▶ WHAT YOU SHOULD DO: Write out exactly the lines below that run from the line containing "(segment (start 137.955 43.975)" through the last line of the records.

▶ PROVIDED INFORMATION:
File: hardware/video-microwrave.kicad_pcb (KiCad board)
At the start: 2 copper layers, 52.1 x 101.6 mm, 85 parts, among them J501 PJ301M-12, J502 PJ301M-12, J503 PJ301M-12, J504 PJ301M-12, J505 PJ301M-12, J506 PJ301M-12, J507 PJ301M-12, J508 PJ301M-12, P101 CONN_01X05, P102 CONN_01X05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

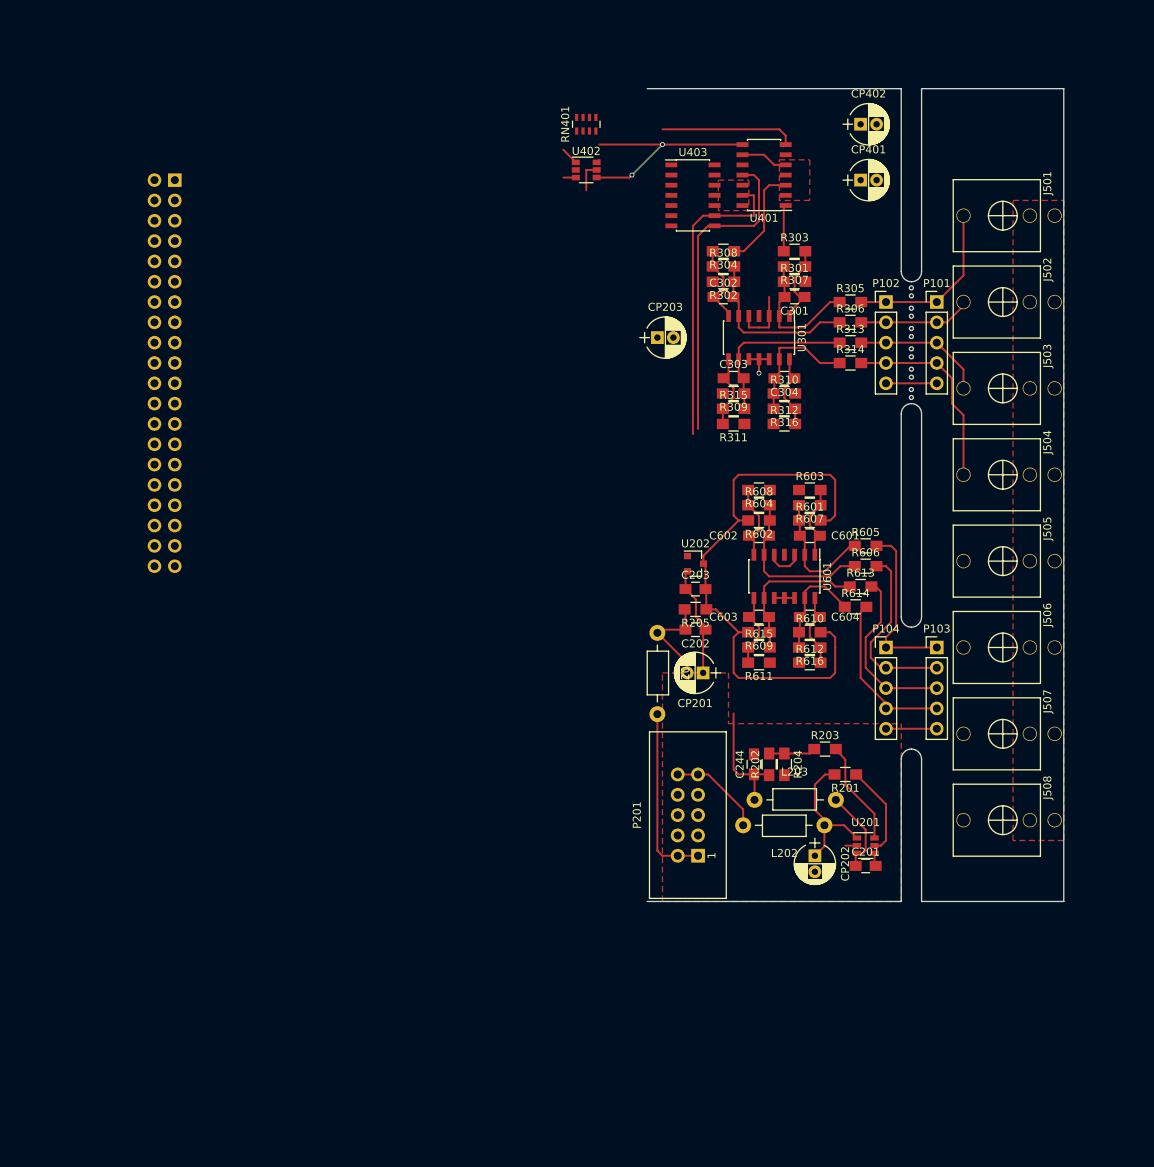
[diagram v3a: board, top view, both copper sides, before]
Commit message: nearly there. 3.3v power supply is missing though
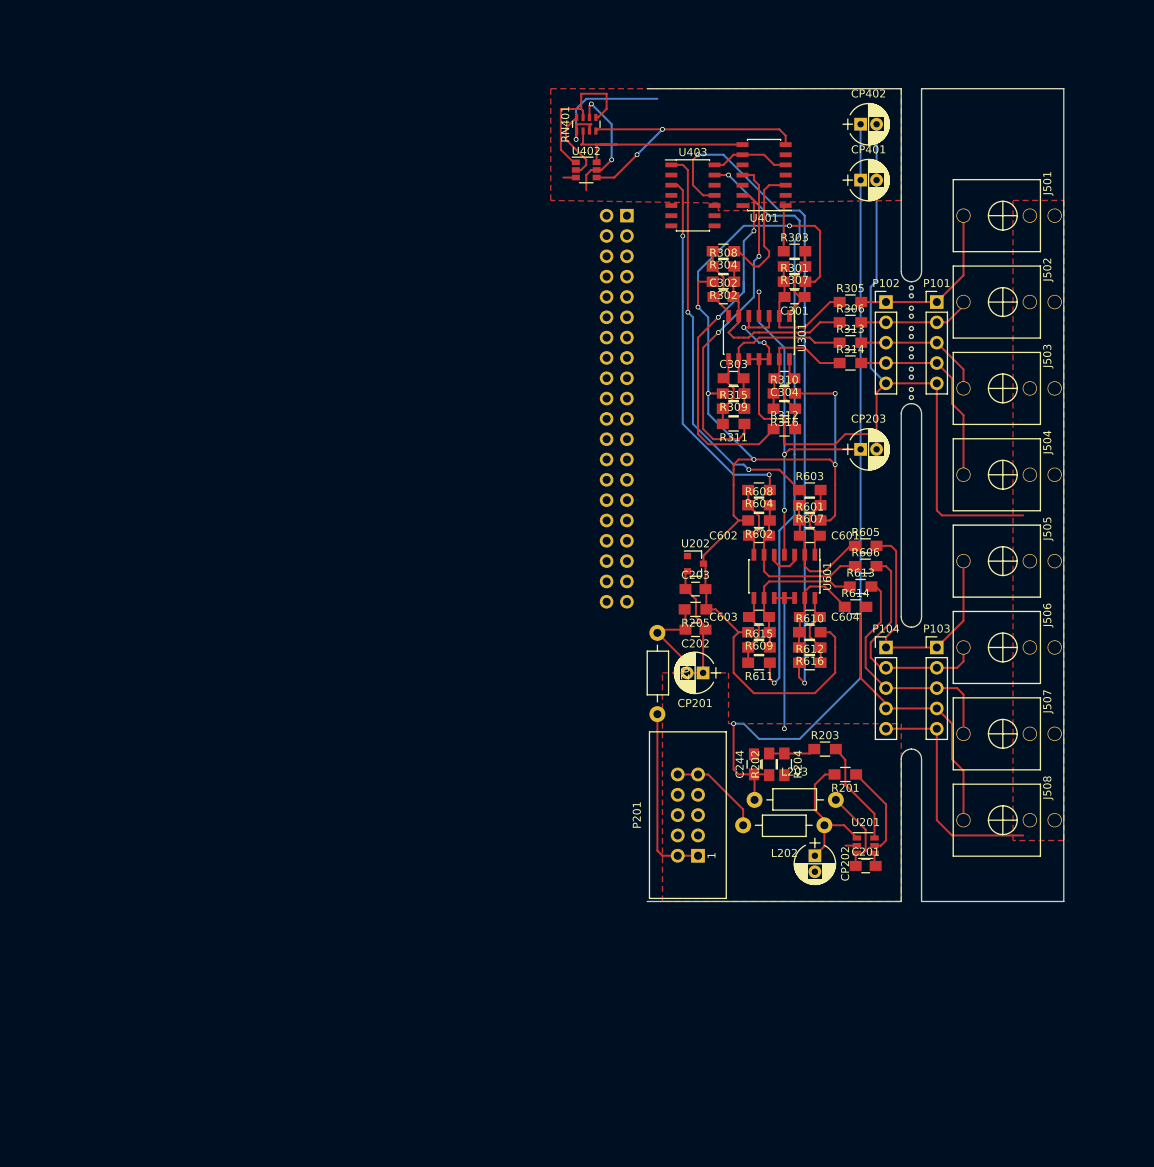
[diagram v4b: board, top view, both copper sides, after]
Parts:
- moved U101 56.7 mm to (118.1, 54.0)
- moved CP203 29.0 mm to (147.3, 83.2)
- moved R312 0.63 mm to (137.8, 80.6)
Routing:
- net +5V: track 15.0 -> 168.9 mm, vias 0 -> 5
- net Earth: track 54.0 -> 178.0 mm, vias 1 -> 2
- net /buffered_8: track 0.00 -> 85.0 mm, vias 0 -> 2
- net /buffers 1-4/-5V: track 72.1 -> 150.2 mm, vias 0 -> 6
- net /buffered_7: track 0.00 -> 74.9 mm, vias 0 -> 2
- net /buffered_5: track 0.00 -> 51.1 mm, vias 0 -> 2
- net /buffered_6: track 0.00 -> 46.3 mm, vias 0 -> 2
- net +3V3: track 3.80 -> 21.6 mm
- net (no net): track 0.00 -> 15.9 mm, vias 0 -> 1
- net /cv8_raw: track 20.7 -> 36.0 mm
- net /cv5_raw: track 21.7 -> 33.8 mm
- net /I2C_clock: track 3.84 -> 15.7 mm, vias 0 -> 2
- net /adc/SDA_5V: track 26.8 -> 36.0 mm
- net /I2C_data: track 0.00 -> 9.10 mm
- net /cv7_raw: track 21.7 -> 30.3 mm
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
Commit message: looking pretty ugly, but very close
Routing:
- net /I2C_data: track 9.10 -> 30.3 mm
- net /I2C_clock: track 15.7 -> 31.0 mm, vias 2 -> 3
- net +5V: track 168.9 -> 173.6 mm, vias 5 -> 7
- added copper zone on B.Cu, net +5V

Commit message: still some unconnected pads, but might be good enough for a prototype. marked rev1
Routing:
- net Earth: track 178.0 -> 197.4 mm
- net (no net): track 15.9 -> 0.00 mm, vias 1 -> 0
- net /adc/SDA_5V: track 36.0 -> 47.7 mm
- net +5V: track 173.6 -> 179.2 mm, vias 7 -> 9
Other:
- board size 52.1 x 101.6 mm -> 66 x 101.6 mm
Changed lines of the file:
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@@
   (general
     (links 210)
-    (no_connects 28)
+    (no_connects 9)
     (area 120.574999 38.024999 172.795001 139.775001)
     (thickness 1.6)
-    (drawings 19)
-    (tracks 589)
+    (drawings 27)
+    (tracks 605)
     (zones 0)
     (modules 85)
@@
   )
   (page A4)
+  (title_block
+    (title "Video MicroWrave")
+    (date 2018-11-14)
+    (rev 1)
+    (company RGBk.org)
+    (comment 1 "it's ugly, but probably works")
+  )
   (layers
     (0 F.Cu signal)
@@
       (net 23 "Net-(C201-Pad1)"))
   )
+  (gr_line (start 119.38 139.7) (end 120.65 139.7) (angle 90) (layer Edge.Cuts) (width 0.15))
+  (gr_line (start 119.38 112.395) (end 119.38 139.7) (angle 90) (layer Edge.Cuts) (width 0.15))
+  (gr_arc (start 118.745 112.395) (end 118.745 111.76) (angle 90) (layer Edge.Cuts) (width 0.15))
+  (gr_line (start 112.395 105.41) (end 118.745 111.76) (angle 90) (layer Edge.Cuts) (width 0.15))
+  (gr_line (start 112.395 60.325) (end 112.395 105.41) (angle 90) (layer Edge.Cuts) (width 0.15))
+  (gr_line (start 106.68 54.61) (end 112.395 60.325) (angle 90) (layer Edge.Cuts) (width 0.15))
+  (gr_line (start 106.68 38.1) (end 106.68 54.61) (angle 90) (layer Edge.Cuts) (width 0.15))
+  (gr_line (start 120.65 38.1) (end 106.68 38.1) (angle 90) (layer Edge.Cuts) (width 0.15))
   (gr_line (start 152.4 78.74) (end 152.4 104.14) (angle 90) (layer Edge.Cuts) (width 0.15))
   (gr_line (start 154.94 104.14) (end 154.94 78.74) (angle 90) (layer Edge.Cuts) (width 0.15))
@@
   (gr_line (start 152.4 139.7) (end 120.65 139.7) (angle 90) (layer Edge.Cuts) (width 0.15))
   (gr_line (start 120.65 38.1) (end 152.4 38.1) (angle 90) (layer Edge.Cuts) (width 0.15))
-  (segment (start 137.795 102.235) (end 137.795 118.11) (width 0.25) (layer B.Cu) (net 0))
-  (via (at 137.795 118.11) (size 0.6) (drill 0.4) (layers F.Cu B.Cu) (net 0))
   (segment (start 137.815 64.135) (end 137.815 62.33) (width 0.25) (layer F.Cu) (net 1))
   (segment (start 137.815 62.33) (end 137.715 62.23) (width 0.25) (layer F.Cu) (net 1))
@@
   (segment (start 138.43 73.68) (end 139.045 74.295) (width 0.25) (layer F.Cu) (net 8))
   (segment (start 138.43 71.915) (end 138.43 72.41) (width 0.25) (layer F.Cu) (net 8))
+  (segment (start 137.955 48.895) (end 140.97 48.895) (width 0.25) (layer F.Cu) (net 9))
+  (segment (start 149.32 40.735) (end 149.32 42.545) (width 0.25) (layer F.Cu) (net 9))
+  (segment (start 148.59 40.005) (end 149.32 40.735) (width 0.25) (layer F.Cu) (net 9))
+  (segment (start 146.05 40.005) (end 148.59 40.005) (width 0.25) (layer F.Cu) (net 9))
+  (segment (start 144.145 41.91) (end 146.05 40.005) (width 0.25) (layer F.Cu) (net 9))
+  (segment (start 144.145 45.72) (end 144.145 41.91) (width 0.25) (layer F.Cu) (net 9))
+  (segment (start 140.97 48.895) (end 144.145 45.72) (width 0.25) (layer F.Cu) (net 9))
   (segment (start 133.35 67.945) (end 132.715 67.945) (width 0.25) (layer F.Cu) (net 9))
   (segment (start 135.89 70.485) (end 135.89 71.915) (width 0.25) (layer F.Cu) (net 9))
@@
   (segment (start 136.525 47.625) (end 137.955 47.625) (width 0.25) (layer F.Cu) (net 9) (status 30))
   (segment (start 135.255 46.355) (end 136.525 47.625) (width 0.25) (layer F.Cu) (net 9) (status 20))
+  (segment (start 132.555 47.625) (end 133.985 47.625) (width 0.25) (layer F.Cu) (net 10))
+  (segment (start 134.62 48.26) (end 135.255 48.895) (width 0.25) (layer B.Cu) (net 10))
+  (via (at 134.62 48.26) (size 0.6) (drill 0.4) (layers F.Cu B.Cu) (net 10))
+  (segment (start 133.985 47.625) (end 134.62 48.26) (width 0.25) (layer F.Cu) (net 10))
+  (segment (start 137.955 46.355) (end 139.7 46.355) (width 0.25) (layer F.Cu) (net 10))
+  (segment (start 139.7 46.355) (end 140.335 46.355) (width 0.25) (layer B.Cu) (net 10))
+  (via (at 139.7 46.355) (size 0.6) (drill 0.4) (layers F.Cu B.Cu) (net 10))
   (segment (start 130.81 53.975) (end 130.81 53.34) (width 0.25) (layer B.Cu) (net 10))
   (via (at 130.81 53.975) (size 0.6) (drill 0.4) (layers F.Cu B.Cu) (net 10))
@@
   (segment (start 132.555 45.085) (end 116.84 45.085) (width 0.25) (layer F.Cu) (net 20) (status 10))
   (segment (start 116.84 45.085) (end 114.65 45.085) (width 0.25) (layer F.Cu) (net 20))
+  (segment (start 123.665 55.245) (end 121.92 55.245) (width 0.25) (layer F.Cu) (net 21))
+  (segment (start 121.285 48.26) (end 119.38 46.355) (width 0.25) (layer F.Cu) (net 21))
+  (segment (start 121.285 54.61) (end 121.285 48.26) (width 0.25) (layer F.Cu) (net 21))
+  (segment (start 121.92 55.245) (end 121.285 54.61) (width 0.25) (layer F.Cu) (net 21))
   (segment (start 137.955 43.975) (end 137.16 43.18) (width 0.25) (layer F.Cu) (net 21) (status 10))
   (segment (start 122.555 43.18) (end 114.445 43.18) (width 0.25) (layer F.Cu) (net 21))
@@
       (pts
         (xy 152.4 52.07) (xy 133.35 52.346087) (xy 133.35 53.34) (xy 129.54 53.34) (xy 129.54 52.401304)
-        (xy 108.585 52.07) (xy 108.585 38.1) (xy 152.4 38.1)
+        (xy 120.65 52.260751) (xy 120.65 94.615) (xy 143.51 94.615) (xy 143.51 107.315) (xy 120.015 107.315)
+        (xy 120.015 104.775) (xy 113.03 104.775) (xy 113.03 52.140277) (xy 108.585 52.07) (xy 108.585 38.1)
+        (xy 152.4 38.1)
       )
     )

▶ SOLUTION:
   (segment (start 137.955 43.975) (end 137.16 43.18) (width 0.25) (layer F.Cu) (net 21) (status 10))
   (segment (start 122.555 43.18) (end 114.445 43.18) (width 0.25) (layer F.Cu) (net 21))
@@
       (pts
         (xy 152.4 52.07) (xy 133.35 52.346087) (xy 133.35 53.34) (xy 129.54 53.34) (xy 129.54 52.401304)
-        (xy 108.585 52.07) (xy 108.585 38.1) (xy 152.4 38.1)
+        (xy 120.65 52.260751) (xy 120.65 94.615) (xy 143.51 94.615) (xy 143.51 107.315) (xy 120.015 107.315)
+        (xy 120.015 104.775) (xy 113.03 104.775) (xy 113.03 52.140277) (xy 108.585 52.07) (xy 108.585 38.1)
+        (xy 152.4 38.1)
       )
     )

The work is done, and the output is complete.